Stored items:
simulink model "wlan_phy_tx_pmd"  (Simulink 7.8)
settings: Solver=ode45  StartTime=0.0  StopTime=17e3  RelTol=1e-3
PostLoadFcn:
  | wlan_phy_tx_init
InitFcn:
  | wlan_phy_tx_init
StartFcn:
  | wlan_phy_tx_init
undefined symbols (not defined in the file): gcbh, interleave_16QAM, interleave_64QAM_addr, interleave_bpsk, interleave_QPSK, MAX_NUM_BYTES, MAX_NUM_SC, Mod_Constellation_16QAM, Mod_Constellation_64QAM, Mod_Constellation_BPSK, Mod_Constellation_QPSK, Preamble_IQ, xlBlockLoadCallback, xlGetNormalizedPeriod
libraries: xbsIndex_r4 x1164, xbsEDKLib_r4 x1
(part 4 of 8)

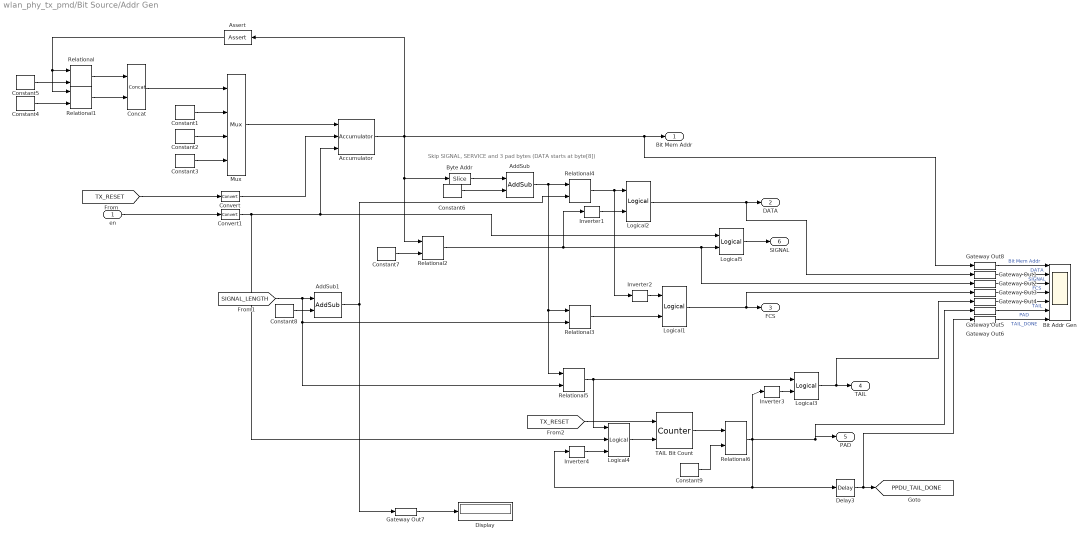
== system wlan_phy_tx_pmd/Bit Source/Addr Gen ==
  note: Skip SIGNAL, SERVICE and
      | 3 pad bytes
      | (DATA starts at byte[8])
  en : Inport
  Accumulator : xbsIndex_r4/Accumulator  operation=Add  n_bits=3 + ceil(log2(MAX_NUM_BYTES))  overflow=Wrap  scale=1  rst=on  infoeditControl=reset for floating point data type must be asserted for a minimum of 2 cycles  hasbypass=off  en=on  latency=0  dbl_ovrd=off  msb_inp=100  msb=100  lsb=-100  use_behavioral_HDL=on  implementation=Fabric  block_type=accum
  AddSub : xbsIndex_r4/AddSub  mode=Subtraction  use_carryin=off  use_carryout=off  en=off  latency=0  precision=User Defined  arith_type=Unsigned  n_bits=ceil(log2(MAX_NUM_BYTES))  bin_pt=0  quantization=Truncate  overflow=Saturate  dbl_ovrd=off  use_behavioral_HDL=off  hw_selection=Fabric  pipelined=off  block_type=addsub
  AddSub1 : xbsIndex_r4/AddSub  mode=Subtraction  use_carryin=off  use_carryout=off  en=off  latency=0  precision=User Defined  arith_type=Unsigned  n_bits=ceil(log2(MAX_NUM_BYTES))  bin_pt=0  quantization=Truncate  overflow=Saturate  dbl_ovrd=off  use_behavioral_HDL=off  hw_selection=Fabric  pipelined=off  block_type=addsub
  Assert : xbsIndex_r4/Assert  assert_type=off  type_source=Explicitly  gui_display_data_type=Fixed-point  arith_type="Signed  (2's comp)"  n_bits=16  bin_pt=14  preci_type=Single  exp_width=8  frac_width=24  assert_rate=on  rate_source=Explicitly  period=1  output_port=on  block_type=assert
  Bit Addr Gen : Scope  NumInputPorts=7
      settings: TimeRange=10000  YMin=0~0~0~0~0~0~0  YMax=1~1~1~1~25~1~1  SaveName=ScopeData8
  Byte Addr : xbsIndex_r4/Slice  nbits=ceil(log2(MAX_NUM_BYTES))  boolean_output=off  mode=Upper Bit Location + Width  bit1=0  base1=MSB of Input  bit0=0  base0=LSB of Input  dbl_ovrd=off  block_type=slice
  Concat : xbsIndex_r4/Concat  num_inputs=2  dbl_ovrd=off  block_type=concat
  Constant1 : xbsIndex_r4/Constant  const=1  gui_display_data_type=Fixed-point  arith_type=Unsigned  n_bits=2  bin_pt=0  preci_type=Single  exp_width=8  frac_width=24  explicit_period=off  period=1  equ=P=C  opselect=C  inp2=PCIN>>17  opr=+  inp1=P  carry=CIN  dbl_ovrd=off  block_type=constant
  Constant2 : xbsIndex_r4/Constant  const=9  gui_display_data_type=Fixed-point  arith_type=Unsigned  n_bits=4  bin_pt=0  preci_type=Single  exp_width=8  frac_width=24  explicit_period=off  period=1  equ=P=C  opselect=C  inp2=PCIN>>17  opr=+  inp1=P  carry=CIN  dbl_ovrd=off  block_type=constant
  Constant3 : xbsIndex_r4/Constant  const=17  gui_display_data_type=Fixed-point  arith_type=Unsigned  n_bits=5  bin_pt=0  preci_type=Single  exp_width=8  frac_width=24  explicit_period=off  period=1  equ=P=C  opselect=C  inp2=PCIN>>17  opr=+  inp1=P  carry=CIN  dbl_ovrd=off  block_type=constant
  Constant4 : xbsIndex_r4/Constant  const=23  gui_display_data_type=Fixed-point  arith_type=Unsigned  n_bits=5  bin_pt=0  preci_type=Single  exp_width=8  frac_width=24  explicit_period=off  period=1  equ=P=C  opselect=C  inp2=PCIN>>17  opr=+  inp1=P  carry=CIN  dbl_ovrd=off  block_type=constant
  Constant5 : xbsIndex_r4/Constant  const=47  gui_display_data_type=Fixed-point  arith_type=Unsigned  n_bits=6  bin_pt=0  preci_type=Single  exp_width=8  frac_width=24  explicit_period=off  period=1  equ=P=C  opselect=C  inp2=PCIN>>17  opr=+  inp1=P  carry=CIN  dbl_ovrd=off  block_type=constant
  Constant6 : xbsIndex_r4/Constant  const=8  gui_display_data_type=Fixed-point  arith_type=Unsigned  n_bits=4  bin_pt=0  preci_type=Single  exp_width=8  frac_width=24  explicit_period=off  period=1  equ=P=C  opselect=C  inp2=PCIN>>17  opr=+  inp1=P  carry=CIN  dbl_ovrd=off  block_type=constant
  Constant7 : xbsIndex_r4/Constant  const=24  gui_display_data_type=Fixed-point  arith_type=Unsigned  n_bits=5  bin_pt=0  preci_type=Single  exp_width=8  frac_width=24  explicit_period=off  period=1  equ=P=C  opselect=C  inp2=PCIN>>17  opr=+  inp1=P  carry=CIN  dbl_ovrd=off  block_type=constant
  Constant8 : xbsIndex_r4/Constant  const=4  gui_display_data_type=Fixed-point  arith_type=Unsigned  n_bits=3  bin_pt=0  preci_type=Single  exp_width=8  frac_width=24  explicit_period=off  period=1  equ=P=C  opselect=C  inp2=PCIN>>17  opr=+  inp1=P  carry=CIN  dbl_ovrd=off  block_type=constant
  Constant9 : xbsIndex_r4/Constant  const=5  gui_display_data_type=Fixed-point  arith_type=Unsigned  n_bits=3  bin_pt=0  preci_type=Single  exp_width=8  frac_width=24  explicit_period=off  period=1  equ=P=C  opselect=C  inp2=PCIN>>17  opr=+  inp1=P  carry=CIN  dbl_ovrd=off  block_type=constant
  Convert : xbsIndex_r4/Convert  gui_display_data_type=Boolean  arith_type=Boolean  n_bits=16  bin_pt=14  float_type=Single  exp_bits=8  fraction_bits=24  quantization=Truncate  overflow=Wrap  en=off  latency=0  dbl_ovrd=off  pipeline=off  block_type=convert
  Convert1 : xbsIndex_r4/Convert  gui_display_data_type=Boolean  arith_type=Boolean  n_bits=16  bin_pt=14  float_type=Single  exp_bits=8  fraction_bits=24  quantization=Truncate  overflow=Wrap  en=off  latency=0  dbl_ovrd=off  pipeline=off  block_type=convert
  Delay3 : xbsIndex_r4/Delay  rst=off  infoeditControl=Selection of Reset will increase slice count due to use of real FFs and instead of SRLs  en=off  latency=1  dbl_ovrd=off  reg_retiming=off  block_type=delay
  Display : Display
  Gateway Out{1..8} (8 alike) : xbsIndex_r4/Gateway Out  inherit_from_input=off  hdl_port=off  timing_constraint=None  locs_specified=off  LOCs={}  UseAsDAC=off  DACChannel='1'  block_type=gatewayout
  Inverter{1..4} (4 alike) : xbsIndex_r4/Inverter  en=off  latency=0  dbl_ovrd=off  block_type=inv
      settings: xl_area=[0 0 0 0 0 0 0]  block_version=VER_STRING_GOES_HERE
  Logical{1..3,5} (4 alike) : xbsIndex_r4/Logical  logical_function=AND  inputs=2  en=off  latency=0  precision=Full  arith_type=Unsigned  n_bits=16  bin_pt=0  align_bp=on  dbl_ovrd=off  block_type=logical
  Logical4 : xbsIndex_r4/Logical  logical_function=AND  inputs=3  en=off  latency=0  precision=Full  arith_type=Unsigned  n_bits=16  bin_pt=0  align_bp=on  dbl_ovrd=off  block_type=logical
  Mux : xbsIndex_r4/Mux  inputs=3  en=off  latency=0  precision=Full  arith_type=Unsigned  n_bits=16  bin_pt=14  quantization=Truncate  overflow=Wrap  dbl_ovrd=off  block_type=mux
  Relational : xbsIndex_r4/Relational  mode=a=b  en=off  latency=0  dbl_ovrd=off  block_type=relational
  Relational1 : xbsIndex_r4/Relational  mode=a=b  en=off  latency=0  dbl_ovrd=off  block_type=relational
  Relational2 : xbsIndex_r4/Relational  mode=a<b  en=off  latency=0  dbl_ovrd=off  block_type=relational
  Relational3 : xbsIndex_r4/Relational  mode=a<b  en=off  latency=0  dbl_ovrd=off  block_type=relational
  Relational4 : xbsIndex_r4/Relational  mode=a<b  en=off  latency=0  dbl_ovrd=off  block_type=relational
  Relational5 : xbsIndex_r4/Relational  mode=a>=b  en=off  latency=0  dbl_ovrd=off  block_type=relational
  Relational6 : xbsIndex_r4/Relational  mode=a>b  en=off  latency=0  dbl_ovrd=off  block_type=relational
  TAIL Bit Count : xbsIndex_r4/Counter  cnt_type=Count Limited  cnt_to=6  operation=Up  start_count=0  cnt_by_val=1  arith_type=Unsigned  n_bits=3  bin_pt=0  load_pin=off  rst=on  en=on  explicit_period=on  period=1  dbl_ovrd=off  use_behavioral_HDL=off  implementation=Fabric  block_type=counter
  Bit Mem Addr : Outport
  DATA : Outport  Port=2
  FCS : Outport  Port=3
  TAIL : Outport  Port=4
  PAD : Outport  Port=5
  SIGNAL : Outport  Port=6
  tag scope: PPDU_TAIL_DONE=global
  wires:
  Convert1/1 -> Logical4/2, Accumulator/3, Logical5/1
  Convert/1 -> Accumulator/2
  Assert/1 -> Relational1/1, Relational/1
  Relational1/1 -> Concat/2
  Relational/1 -> Concat/1
  Constant4/1 -> Relational1/2
  Constant5/1 -> Relational/2
  Accumulator/1 -> Assert/1, Byte Addr/1, Relational2/1, Bit Mem Addr/1, Gateway Out8/1
  [TX_RESET] -> Convert/1
  en/1 -> Convert1/1
  Mux/1 -> Accumulator/1
  Constant3/1 -> Mux/4
  Constant2/1 -> Mux/3
  Constant1/1 -> Mux/2
  Constant6/1 -> AddSub/2
  Byte Addr/1 -> AddSub/1
  AddSub/1 -> Relational4/1, Relational3/1, Relational5/1
  Concat/1 -> Mux/1
  Constant7/1 -> Relational2/2
  Relational2/1 -> Inverter1/1, Gateway Out2/1, Logical5/2
  AddSub1/1 -> Relational4/2, Gateway Out7/1
  Relational4/1 -> Logical2/1, Inverter2/1
  Inverter1/1 -> Logical2/2
  Logical2/1 -> DATA/1, Gateway Out1/1
  [SIGNAL_LENGTH] -> AddSub1/1, Relational3/2, Relational5/2
  Constant8/1 -> AddSub1/2
  Inverter2/1 -> Logical1/1
  Relational3/1 -> Logical1/2
  Logical1/1 -> FCS/1, Gateway Out3/1
  Relational5/1 -> Logical3/1, Logical4/1
  Inverter3/1 -> Logical3/2
  Logical3/1 -> TAIL/1, Gateway Out4/1
  Logical4/1 -> TAIL Bit Count/2
  [TX_RESET] -> TAIL Bit Count/1
  TAIL Bit Count/1 -> Relational6/1
  Relational6/1 -> Inverter3/1, PAD/1, Gateway Out5/1, Delay3/1, Inverter4/1
  Constant9/1 -> Relational6/2
  Delay3/1 -> [PPDU_TAIL_DONE], Gateway Out6/1
  Gateway Out8/1 -> Bit Addr Gen/1  "Bit Mem Addr"
  Gateway Out1/1 -> Bit Addr Gen/2  "DATA"
  Gateway Out2/1 -> Bit Addr Gen/3  "SIGNAL"
  Gateway Out3/1 -> Bit Addr Gen/4  "FCS"
  Gateway Out4/1 -> Bit Addr Gen/5  "TAIL"
  Gateway Out5/1 -> Bit Addr Gen/6  "PAD"
  Gateway Out6/1 -> Bit Addr Gen/7  "TAIL_DONE"
  Inverter4/1 -> Logical4/3
  Logical5/1 -> SIGNAL/1
  Gateway Out7/1 -> Display/1

== system wlan_phy_tx_pmd/Bit Source/BRAM IF 64b ==
  Bit Addr : Inport
  9MSB : xbsIndex_r4/Slice  nbits=9  boolean_output=off  mode=Upper Bit Location + Width  bit1=0  base1=MSB of Input  bit0=0  base0=LSB of Input  dbl_ovrd=off  block_type=slice
      settings: block_version=8.2.02
  AddSub : xbsIndex_r4/AddSub  mode=Addition  use_carryin=off  use_carryout=off  en=off  latency=0  precision=User Defined  arith_type=Unsigned  n_bits=9  bin_pt=0  quantization=Truncate  overflow=Wrap  dbl_ovrd=off  use_behavioral_HDL=off  hw_selection=Fabric  pipelined=off  block_type=addsub
  BRAM_Addr : xbsIndex_r4/Gateway Out  inherit_from_input=off  hdl_port=on  timing_constraint=None  locs_specified=off  LOCs={}  UseAsDAC=off  DACChannel='1'  block_type=gatewayout
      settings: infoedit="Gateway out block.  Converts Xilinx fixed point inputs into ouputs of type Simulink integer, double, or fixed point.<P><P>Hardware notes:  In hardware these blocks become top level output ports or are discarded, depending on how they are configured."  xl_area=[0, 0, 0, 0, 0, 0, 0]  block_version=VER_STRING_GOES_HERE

> [AIM OF THE EXERCISE] Among the records above, repeat exactly the line with "TAIL Bit Count/1 -> Relational6/1", the line with "Bit Addr : Inport", and every line in between, and only those.

> [ANSWER FOR THE TASK]
  TAIL Bit Count/1 -> Relational6/1
  Relational6/1 -> Inverter3/1, PAD/1, Gateway Out5/1, Delay3/1, Inverter4/1
  Constant9/1 -> Relational6/2
  Delay3/1 -> [PPDU_TAIL_DONE], Gateway Out6/1
  Gateway Out8/1 -> Bit Addr Gen/1  "Bit Mem Addr"
  Gateway Out1/1 -> Bit Addr Gen/2  "DATA"
  Gateway Out2/1 -> Bit Addr Gen/3  "SIGNAL"
  Gateway Out3/1 -> Bit Addr Gen/4  "FCS"
  Gateway Out4/1 -> Bit Addr Gen/5  "TAIL"
  Gateway Out5/1 -> Bit Addr Gen/6  "PAD"
  Gateway Out6/1 -> Bit Addr Gen/7  "TAIL_DONE"
  Inverter4/1 -> Logical4/3
  Logical5/1 -> SIGNAL/1
  Gateway Out7/1 -> Display/1

== system wlan_phy_tx_pmd/Bit Source/BRAM IF 64b ==
  Bit Addr : Inport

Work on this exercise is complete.